What is expected =
From the entries below, determine the number of lines that contain "GotoTag". Give that number by itself.

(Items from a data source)
== Segment start ==

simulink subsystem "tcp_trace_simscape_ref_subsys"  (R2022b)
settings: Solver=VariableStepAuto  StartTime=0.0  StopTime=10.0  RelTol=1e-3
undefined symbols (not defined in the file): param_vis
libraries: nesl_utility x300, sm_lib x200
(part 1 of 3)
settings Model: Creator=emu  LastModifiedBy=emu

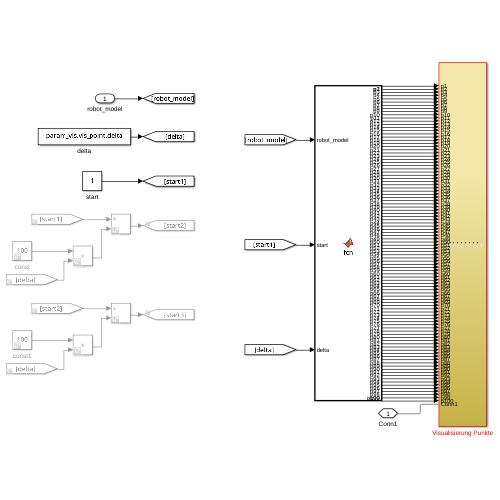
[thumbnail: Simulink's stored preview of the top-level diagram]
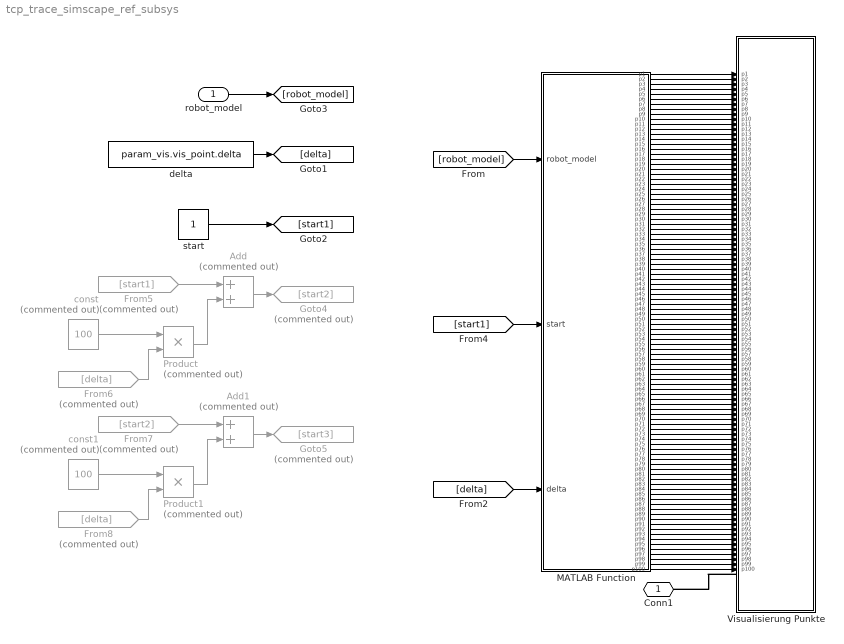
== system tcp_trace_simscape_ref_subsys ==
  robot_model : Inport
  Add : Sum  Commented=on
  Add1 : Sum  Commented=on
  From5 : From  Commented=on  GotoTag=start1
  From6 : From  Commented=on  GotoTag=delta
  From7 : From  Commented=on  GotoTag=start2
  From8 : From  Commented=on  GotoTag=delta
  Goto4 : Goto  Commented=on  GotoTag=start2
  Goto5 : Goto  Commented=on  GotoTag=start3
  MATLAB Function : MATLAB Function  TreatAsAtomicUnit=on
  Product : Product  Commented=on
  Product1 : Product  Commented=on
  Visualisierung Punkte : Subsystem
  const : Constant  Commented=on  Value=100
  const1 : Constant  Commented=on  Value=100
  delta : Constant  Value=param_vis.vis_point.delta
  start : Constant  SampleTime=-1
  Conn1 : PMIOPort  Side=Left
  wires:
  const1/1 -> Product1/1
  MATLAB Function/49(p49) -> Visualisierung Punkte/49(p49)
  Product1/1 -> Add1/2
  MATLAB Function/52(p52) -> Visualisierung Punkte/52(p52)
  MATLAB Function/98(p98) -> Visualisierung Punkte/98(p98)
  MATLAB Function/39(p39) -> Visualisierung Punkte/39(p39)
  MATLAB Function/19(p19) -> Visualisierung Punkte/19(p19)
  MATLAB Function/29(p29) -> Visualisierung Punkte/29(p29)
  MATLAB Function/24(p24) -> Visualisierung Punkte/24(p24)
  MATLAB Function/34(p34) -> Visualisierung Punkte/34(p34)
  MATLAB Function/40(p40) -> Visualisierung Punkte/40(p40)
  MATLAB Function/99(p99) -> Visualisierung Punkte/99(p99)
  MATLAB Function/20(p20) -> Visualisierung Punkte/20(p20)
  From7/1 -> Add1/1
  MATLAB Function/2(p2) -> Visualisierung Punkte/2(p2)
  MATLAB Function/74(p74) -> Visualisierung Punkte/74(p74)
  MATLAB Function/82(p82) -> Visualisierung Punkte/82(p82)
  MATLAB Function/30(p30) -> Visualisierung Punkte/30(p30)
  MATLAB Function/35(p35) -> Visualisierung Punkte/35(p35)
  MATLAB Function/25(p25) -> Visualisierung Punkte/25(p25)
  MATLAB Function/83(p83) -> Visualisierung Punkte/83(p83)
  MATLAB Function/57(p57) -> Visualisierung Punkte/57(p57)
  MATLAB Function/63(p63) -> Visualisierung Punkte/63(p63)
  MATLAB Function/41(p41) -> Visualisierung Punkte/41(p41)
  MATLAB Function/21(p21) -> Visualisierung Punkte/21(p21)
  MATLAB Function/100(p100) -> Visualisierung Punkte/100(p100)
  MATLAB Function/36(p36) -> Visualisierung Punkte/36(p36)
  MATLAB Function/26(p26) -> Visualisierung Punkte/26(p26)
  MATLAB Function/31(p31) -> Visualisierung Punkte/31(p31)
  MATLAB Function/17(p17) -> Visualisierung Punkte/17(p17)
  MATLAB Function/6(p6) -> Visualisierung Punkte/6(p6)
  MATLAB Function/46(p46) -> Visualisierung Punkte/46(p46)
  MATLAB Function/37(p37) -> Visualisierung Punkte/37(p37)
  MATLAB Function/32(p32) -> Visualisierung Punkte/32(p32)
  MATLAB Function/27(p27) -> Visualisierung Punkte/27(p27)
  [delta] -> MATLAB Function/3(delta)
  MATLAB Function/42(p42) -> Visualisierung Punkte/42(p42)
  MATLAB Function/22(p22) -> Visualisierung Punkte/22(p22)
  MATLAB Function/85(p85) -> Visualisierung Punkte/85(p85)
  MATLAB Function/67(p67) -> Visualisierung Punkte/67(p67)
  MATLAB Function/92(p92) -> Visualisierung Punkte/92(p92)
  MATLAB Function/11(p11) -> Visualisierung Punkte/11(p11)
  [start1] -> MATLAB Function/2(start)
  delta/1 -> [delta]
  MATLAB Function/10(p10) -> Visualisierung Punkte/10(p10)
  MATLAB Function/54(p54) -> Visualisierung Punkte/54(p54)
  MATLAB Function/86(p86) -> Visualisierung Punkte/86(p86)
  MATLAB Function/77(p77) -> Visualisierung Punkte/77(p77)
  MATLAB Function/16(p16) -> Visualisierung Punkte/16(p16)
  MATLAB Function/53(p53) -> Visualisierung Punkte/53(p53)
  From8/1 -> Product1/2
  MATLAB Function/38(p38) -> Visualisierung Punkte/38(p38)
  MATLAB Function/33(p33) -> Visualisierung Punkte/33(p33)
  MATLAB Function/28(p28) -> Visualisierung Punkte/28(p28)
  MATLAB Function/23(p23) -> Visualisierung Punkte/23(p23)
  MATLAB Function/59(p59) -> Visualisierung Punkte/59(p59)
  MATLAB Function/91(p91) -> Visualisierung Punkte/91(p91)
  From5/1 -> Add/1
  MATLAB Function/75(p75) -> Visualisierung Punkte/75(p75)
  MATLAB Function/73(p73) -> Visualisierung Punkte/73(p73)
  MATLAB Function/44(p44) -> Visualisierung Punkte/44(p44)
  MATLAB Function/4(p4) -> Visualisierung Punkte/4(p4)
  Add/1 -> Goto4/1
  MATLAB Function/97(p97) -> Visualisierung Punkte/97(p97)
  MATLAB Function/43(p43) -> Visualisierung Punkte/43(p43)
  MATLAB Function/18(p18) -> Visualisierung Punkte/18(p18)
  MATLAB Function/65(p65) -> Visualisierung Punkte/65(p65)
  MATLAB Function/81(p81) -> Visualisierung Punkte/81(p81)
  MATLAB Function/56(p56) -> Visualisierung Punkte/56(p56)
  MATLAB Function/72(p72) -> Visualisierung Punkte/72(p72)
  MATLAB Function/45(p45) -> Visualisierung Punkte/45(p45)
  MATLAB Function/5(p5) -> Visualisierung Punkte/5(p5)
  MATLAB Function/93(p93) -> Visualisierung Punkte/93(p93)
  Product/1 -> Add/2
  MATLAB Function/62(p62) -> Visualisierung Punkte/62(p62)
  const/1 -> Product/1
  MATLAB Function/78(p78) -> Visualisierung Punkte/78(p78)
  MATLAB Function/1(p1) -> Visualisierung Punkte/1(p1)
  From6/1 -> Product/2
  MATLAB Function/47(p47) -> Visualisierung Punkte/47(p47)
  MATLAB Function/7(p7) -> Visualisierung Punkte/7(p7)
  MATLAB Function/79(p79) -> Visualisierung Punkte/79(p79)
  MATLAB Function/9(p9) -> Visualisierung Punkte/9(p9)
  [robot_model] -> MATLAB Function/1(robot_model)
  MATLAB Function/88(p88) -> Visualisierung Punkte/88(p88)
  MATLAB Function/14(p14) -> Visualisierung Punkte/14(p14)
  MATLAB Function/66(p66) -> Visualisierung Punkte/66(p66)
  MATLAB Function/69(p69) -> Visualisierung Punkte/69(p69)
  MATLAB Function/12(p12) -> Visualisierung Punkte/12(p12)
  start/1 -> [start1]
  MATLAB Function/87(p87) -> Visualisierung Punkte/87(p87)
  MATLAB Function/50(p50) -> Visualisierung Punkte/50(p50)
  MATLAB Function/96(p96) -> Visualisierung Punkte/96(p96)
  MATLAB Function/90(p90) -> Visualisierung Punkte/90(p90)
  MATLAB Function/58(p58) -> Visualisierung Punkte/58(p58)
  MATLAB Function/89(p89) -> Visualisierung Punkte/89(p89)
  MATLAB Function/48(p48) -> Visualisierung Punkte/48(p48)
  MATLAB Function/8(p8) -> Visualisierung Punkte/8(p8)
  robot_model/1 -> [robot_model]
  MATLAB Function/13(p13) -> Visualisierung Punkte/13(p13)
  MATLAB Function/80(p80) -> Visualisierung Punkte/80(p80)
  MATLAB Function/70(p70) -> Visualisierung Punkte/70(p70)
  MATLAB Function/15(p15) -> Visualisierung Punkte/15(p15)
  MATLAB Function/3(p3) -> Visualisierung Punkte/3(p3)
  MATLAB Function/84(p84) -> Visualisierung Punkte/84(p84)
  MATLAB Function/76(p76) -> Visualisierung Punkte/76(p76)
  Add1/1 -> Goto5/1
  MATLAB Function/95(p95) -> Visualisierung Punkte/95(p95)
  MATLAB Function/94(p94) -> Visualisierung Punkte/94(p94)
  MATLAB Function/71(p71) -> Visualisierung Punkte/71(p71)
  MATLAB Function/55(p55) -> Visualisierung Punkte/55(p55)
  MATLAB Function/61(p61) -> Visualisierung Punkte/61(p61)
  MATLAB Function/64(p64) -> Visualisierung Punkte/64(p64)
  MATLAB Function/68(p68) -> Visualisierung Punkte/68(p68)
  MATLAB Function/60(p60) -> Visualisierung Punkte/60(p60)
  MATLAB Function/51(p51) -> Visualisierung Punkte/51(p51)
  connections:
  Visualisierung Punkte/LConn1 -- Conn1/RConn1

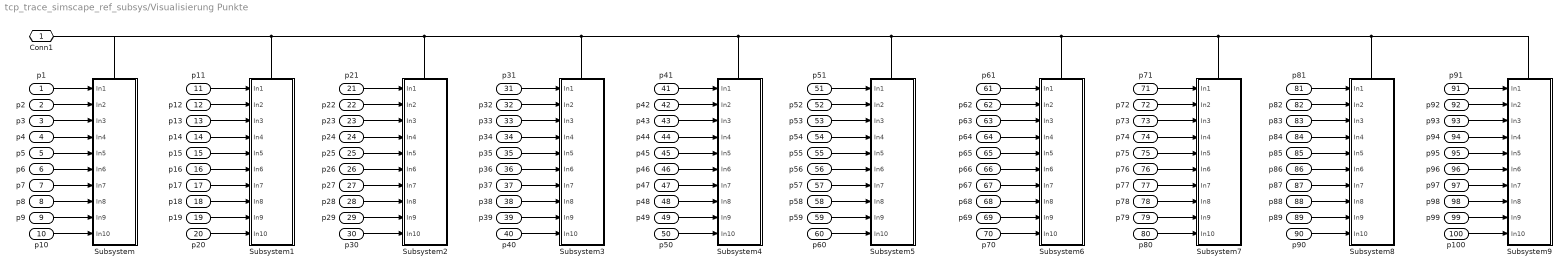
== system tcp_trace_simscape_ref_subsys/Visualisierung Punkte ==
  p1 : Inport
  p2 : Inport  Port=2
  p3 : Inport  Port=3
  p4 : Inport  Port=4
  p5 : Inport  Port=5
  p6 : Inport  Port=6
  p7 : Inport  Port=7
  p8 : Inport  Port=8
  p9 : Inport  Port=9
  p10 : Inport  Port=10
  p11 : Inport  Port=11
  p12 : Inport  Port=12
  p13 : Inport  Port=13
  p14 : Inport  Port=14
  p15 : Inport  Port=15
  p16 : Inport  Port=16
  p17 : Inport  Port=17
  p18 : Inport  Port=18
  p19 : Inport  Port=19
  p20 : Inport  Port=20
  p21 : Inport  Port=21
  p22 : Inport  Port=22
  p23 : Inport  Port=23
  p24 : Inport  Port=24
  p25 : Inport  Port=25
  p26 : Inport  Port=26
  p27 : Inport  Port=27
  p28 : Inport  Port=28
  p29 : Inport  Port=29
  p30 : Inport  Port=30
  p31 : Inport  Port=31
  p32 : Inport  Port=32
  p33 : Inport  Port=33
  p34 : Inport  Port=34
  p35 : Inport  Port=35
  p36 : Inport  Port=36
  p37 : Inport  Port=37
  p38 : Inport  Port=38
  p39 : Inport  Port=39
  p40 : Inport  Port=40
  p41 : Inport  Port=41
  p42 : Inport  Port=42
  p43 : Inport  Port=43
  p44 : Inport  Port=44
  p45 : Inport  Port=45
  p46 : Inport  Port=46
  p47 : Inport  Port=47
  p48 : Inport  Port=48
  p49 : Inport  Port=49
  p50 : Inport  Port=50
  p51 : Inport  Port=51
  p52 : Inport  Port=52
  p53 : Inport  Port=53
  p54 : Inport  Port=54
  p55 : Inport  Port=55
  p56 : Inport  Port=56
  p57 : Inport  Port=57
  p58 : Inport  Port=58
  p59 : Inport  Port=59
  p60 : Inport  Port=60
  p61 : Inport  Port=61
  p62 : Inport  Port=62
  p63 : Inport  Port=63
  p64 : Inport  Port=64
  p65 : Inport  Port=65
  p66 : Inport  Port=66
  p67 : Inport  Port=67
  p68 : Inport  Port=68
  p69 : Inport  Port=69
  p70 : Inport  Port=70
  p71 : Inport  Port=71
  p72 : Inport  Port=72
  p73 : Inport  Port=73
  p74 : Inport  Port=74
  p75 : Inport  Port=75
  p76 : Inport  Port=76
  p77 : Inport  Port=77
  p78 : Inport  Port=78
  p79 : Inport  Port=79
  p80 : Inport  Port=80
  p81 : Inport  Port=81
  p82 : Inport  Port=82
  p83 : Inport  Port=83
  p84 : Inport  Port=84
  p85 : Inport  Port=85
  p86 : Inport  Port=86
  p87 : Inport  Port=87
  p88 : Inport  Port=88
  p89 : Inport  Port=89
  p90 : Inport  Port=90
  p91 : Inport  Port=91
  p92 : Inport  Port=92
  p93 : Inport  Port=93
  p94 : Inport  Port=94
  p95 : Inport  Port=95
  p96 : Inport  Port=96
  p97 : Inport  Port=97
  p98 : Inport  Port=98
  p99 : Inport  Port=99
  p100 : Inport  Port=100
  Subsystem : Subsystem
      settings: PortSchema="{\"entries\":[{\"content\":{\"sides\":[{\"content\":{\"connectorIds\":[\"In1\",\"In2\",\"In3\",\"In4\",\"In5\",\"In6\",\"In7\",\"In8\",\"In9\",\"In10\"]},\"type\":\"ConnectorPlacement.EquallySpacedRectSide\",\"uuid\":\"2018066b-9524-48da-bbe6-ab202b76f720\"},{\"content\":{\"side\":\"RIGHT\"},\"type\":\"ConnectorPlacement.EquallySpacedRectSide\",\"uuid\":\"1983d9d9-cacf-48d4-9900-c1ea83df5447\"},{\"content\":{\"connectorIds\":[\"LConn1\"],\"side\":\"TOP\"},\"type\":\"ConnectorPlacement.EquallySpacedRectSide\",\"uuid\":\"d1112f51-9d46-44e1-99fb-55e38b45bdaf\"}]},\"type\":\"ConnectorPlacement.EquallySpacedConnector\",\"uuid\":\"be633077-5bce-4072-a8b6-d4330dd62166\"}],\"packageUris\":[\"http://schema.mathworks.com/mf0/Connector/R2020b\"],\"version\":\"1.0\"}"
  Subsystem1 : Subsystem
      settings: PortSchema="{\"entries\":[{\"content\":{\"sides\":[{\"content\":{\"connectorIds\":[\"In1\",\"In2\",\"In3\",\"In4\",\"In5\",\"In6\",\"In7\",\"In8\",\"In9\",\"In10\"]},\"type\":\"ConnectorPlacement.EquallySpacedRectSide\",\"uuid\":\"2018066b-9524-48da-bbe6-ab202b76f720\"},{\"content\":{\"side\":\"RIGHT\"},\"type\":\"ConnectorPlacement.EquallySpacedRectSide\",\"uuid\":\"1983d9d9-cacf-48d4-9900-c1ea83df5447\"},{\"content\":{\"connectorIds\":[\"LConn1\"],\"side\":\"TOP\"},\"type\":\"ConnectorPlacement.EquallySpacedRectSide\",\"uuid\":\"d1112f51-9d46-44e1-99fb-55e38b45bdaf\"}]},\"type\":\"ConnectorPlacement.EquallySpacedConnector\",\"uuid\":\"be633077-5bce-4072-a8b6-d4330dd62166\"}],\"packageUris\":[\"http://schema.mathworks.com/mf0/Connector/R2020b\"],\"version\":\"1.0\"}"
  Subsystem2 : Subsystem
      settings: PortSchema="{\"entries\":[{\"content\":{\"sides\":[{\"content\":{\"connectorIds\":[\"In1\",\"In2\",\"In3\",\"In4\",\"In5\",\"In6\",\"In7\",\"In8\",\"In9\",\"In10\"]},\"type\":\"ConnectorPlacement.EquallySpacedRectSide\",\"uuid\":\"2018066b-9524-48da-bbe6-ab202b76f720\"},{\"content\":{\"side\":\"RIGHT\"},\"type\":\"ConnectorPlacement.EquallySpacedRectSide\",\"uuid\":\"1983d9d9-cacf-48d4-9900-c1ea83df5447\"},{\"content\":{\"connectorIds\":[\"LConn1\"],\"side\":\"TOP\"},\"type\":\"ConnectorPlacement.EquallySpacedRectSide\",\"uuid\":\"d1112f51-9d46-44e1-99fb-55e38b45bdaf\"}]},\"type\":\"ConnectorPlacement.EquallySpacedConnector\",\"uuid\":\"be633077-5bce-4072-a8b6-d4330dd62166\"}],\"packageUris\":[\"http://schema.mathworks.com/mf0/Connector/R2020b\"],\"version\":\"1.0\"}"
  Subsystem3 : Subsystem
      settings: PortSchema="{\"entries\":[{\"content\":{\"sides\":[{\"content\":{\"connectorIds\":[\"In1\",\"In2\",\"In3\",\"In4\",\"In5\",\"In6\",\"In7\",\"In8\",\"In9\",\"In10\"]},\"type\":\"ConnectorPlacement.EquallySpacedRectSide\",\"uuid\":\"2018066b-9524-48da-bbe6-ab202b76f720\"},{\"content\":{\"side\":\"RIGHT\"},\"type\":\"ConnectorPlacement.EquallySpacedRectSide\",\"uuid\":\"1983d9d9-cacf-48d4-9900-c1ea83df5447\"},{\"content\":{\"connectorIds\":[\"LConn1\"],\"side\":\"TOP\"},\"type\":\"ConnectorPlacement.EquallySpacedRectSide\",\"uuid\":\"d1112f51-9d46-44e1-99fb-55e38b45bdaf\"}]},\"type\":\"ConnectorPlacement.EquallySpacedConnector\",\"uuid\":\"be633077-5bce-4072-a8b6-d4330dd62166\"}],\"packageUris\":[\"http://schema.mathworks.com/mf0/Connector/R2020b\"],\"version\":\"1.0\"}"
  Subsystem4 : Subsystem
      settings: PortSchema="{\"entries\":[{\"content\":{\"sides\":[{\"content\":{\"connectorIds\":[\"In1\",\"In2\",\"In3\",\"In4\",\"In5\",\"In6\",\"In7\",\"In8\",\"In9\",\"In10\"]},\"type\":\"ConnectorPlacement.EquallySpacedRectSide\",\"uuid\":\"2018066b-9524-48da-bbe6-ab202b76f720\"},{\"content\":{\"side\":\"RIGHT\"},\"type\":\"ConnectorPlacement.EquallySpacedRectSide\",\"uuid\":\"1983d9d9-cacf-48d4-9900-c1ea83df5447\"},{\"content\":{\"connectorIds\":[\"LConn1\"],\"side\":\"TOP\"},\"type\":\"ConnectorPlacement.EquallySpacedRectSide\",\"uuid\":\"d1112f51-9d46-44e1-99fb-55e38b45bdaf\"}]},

== Segment end ==

Exercise solution =
6